• _Aim of the task_: Return all of the entries exactly, but do not include the pictures.

• _Material for this exercise_:
══════

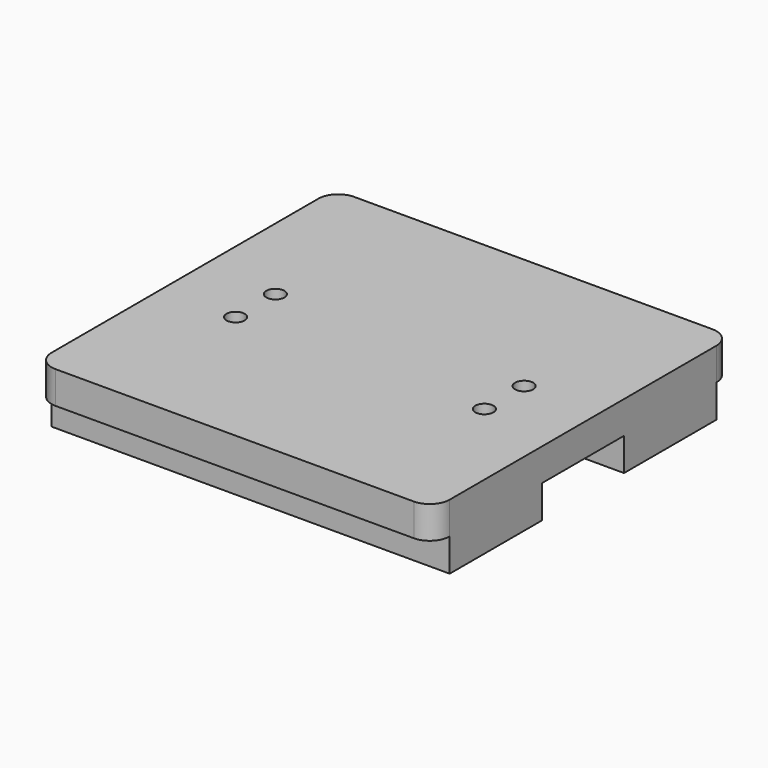
from build123d import *

# Parameters (mm, degrees)
F0_W     = 101.6
F0_H     = 95.25
F0_R     = 2.3114
F1_DEPTH = 8.255
F2_R     = 5.08
F3_W     = 101.6
F3_H     = 29.464
F4_DEPTH = 8.382


# Not quite as in the source:
# - a feature names something its author has since deleted; it is built from what else it names


with BuildPart() as f1:
    # F0 (on Top) → F1 (new body)
    with BuildSketch(Plane.XY):
        Rectangle(F0_W, F0_H)
        Polygon((38.1, -15.24), (0, -15.24), (-38.1, -15.24), (-38.1, 15.24), (-25.4, 15.24), (0, 15.24), (25.4, 15.24), (38.1, 15.24), align=None, mode=Mode.SUBTRACT)
        Polygon((-38.1, -15.24), (0, -15.24), (38.1, -15.24), (38.1, 15.24), (25.4, 15.24), (0, 15.24), (-25.4, 15.24), (-38.1, 15.24), align=None)
        with Locations((-31.75, -7.6708)):
            Circle(F0_R, mode=Mode.SUBTRACT)
        with Locations((31.75, -7.6708)):
            Circle(F0_R, mode=Mode.SUBTRACT)
        with Locations((-31.75, 5.0292)):
            Circle(F0_R, mode=Mode.SUBTRACT)
        with Locations((31.75, 5.0292)):
            Circle(F0_R, mode=Mode.SUBTRACT)
    extrude(amount=F1_DEPTH)

    # F2
    f2_edges = [f1.edges().sort_by_distance(p)[0] for p in [
        (-50.8, 47.625, 4.1275),
        (50.8, 47.625, 4.1275),
        (50.8, -47.625, 4.1275),
        (-50.8, -47.625, 4.1275),
    ]]
    fillet(f2_edges, radius=F2_R)

    # F3 (on face) → F4 (join)
    with BuildSketch(Plane(origin=(0, 0, 0), x_dir=(1, 0, 0), z_dir=(0, 0, -1))):
        with Locations((0, 27.813)):
            Rectangle(F3_W, F3_H)
        with Locations((0, -27.813)):
            Rectangle(F3_W, F3_H)
    extrude(amount=F4_DEPTH)


solid = f1.part

══════

• _Answer section_:
from build123d import *

# Parameters (mm, degrees)
F0_W     = 101.6
F0_H     = 95.25
F0_R     = 2.3114
F1_DEPTH = 8.255
F2_R     = 5.08
F3_W     = 101.6
F3_H     = 29.464
F4_DEPTH = 8.382


# Not quite as in the source:
# - a feature names something its author has since deleted; it is built from what else it names


with BuildPart() as f1:
    # F0 (on Top) → F1 (new body)
    with BuildSketch(Plane.XY):
        Rectangle(F0_W, F0_H)
        Polygon((38.1, -15.24), (0, -15.24), (-38.1, -15.24), (-38.1, 15.24), (-25.4, 15.24), (0, 15.24), (25.4, 15.24), (38.1, 15.24), align=None, mode=Mode.SUBTRACT)
        Polygon((-38.1, -15.24), (0, -15.24), (38.1, -15.24), (38.1, 15.24), (25.4, 15.24), (0, 15.24), (-25.4, 15.24), (-38.1, 15.24), align=None)
        with Locations((-31.75, -7.6708)):
            Circle(F0_R, mode=Mode.SUBTRACT)
        with Locations((31.75, -7.6708)):
            Circle(F0_R, mode=Mode.SUBTRACT)
        with Locations((-31.75, 5.0292)):
            Circle(F0_R, mode=Mode.SUBTRACT)
        with Locations((31.75, 5.0292)):
            Circle(F0_R, mode=Mode.SUBTRACT)
    extrude(amount=F1_DEPTH)

    # F2
    f2_edges = [f1.edges().sort_by_distance(p)[0] for p in [
        (-50.8, 47.625, 4.1275),
        (50.8, 47.625, 4.1275),
        (50.8, -47.625, 4.1275),
        (-50.8, -47.625, 4.1275),
    ]]
    fillet(f2_edges, radius=F2_R)

    # F3 (on face) → F4 (join)
    with BuildSketch(Plane(origin=(0, 0, 0), x_dir=(1, 0, 0), z_dir=(0, 0, -1))):
        with Locations((0, 27.813)):
            Rectangle(F3_W, F3_H)
        with Locations((0, -27.813)):
            Rectangle(F3_W, F3_H)
    extrude(amount=F4_DEPTH)


solid = f1.part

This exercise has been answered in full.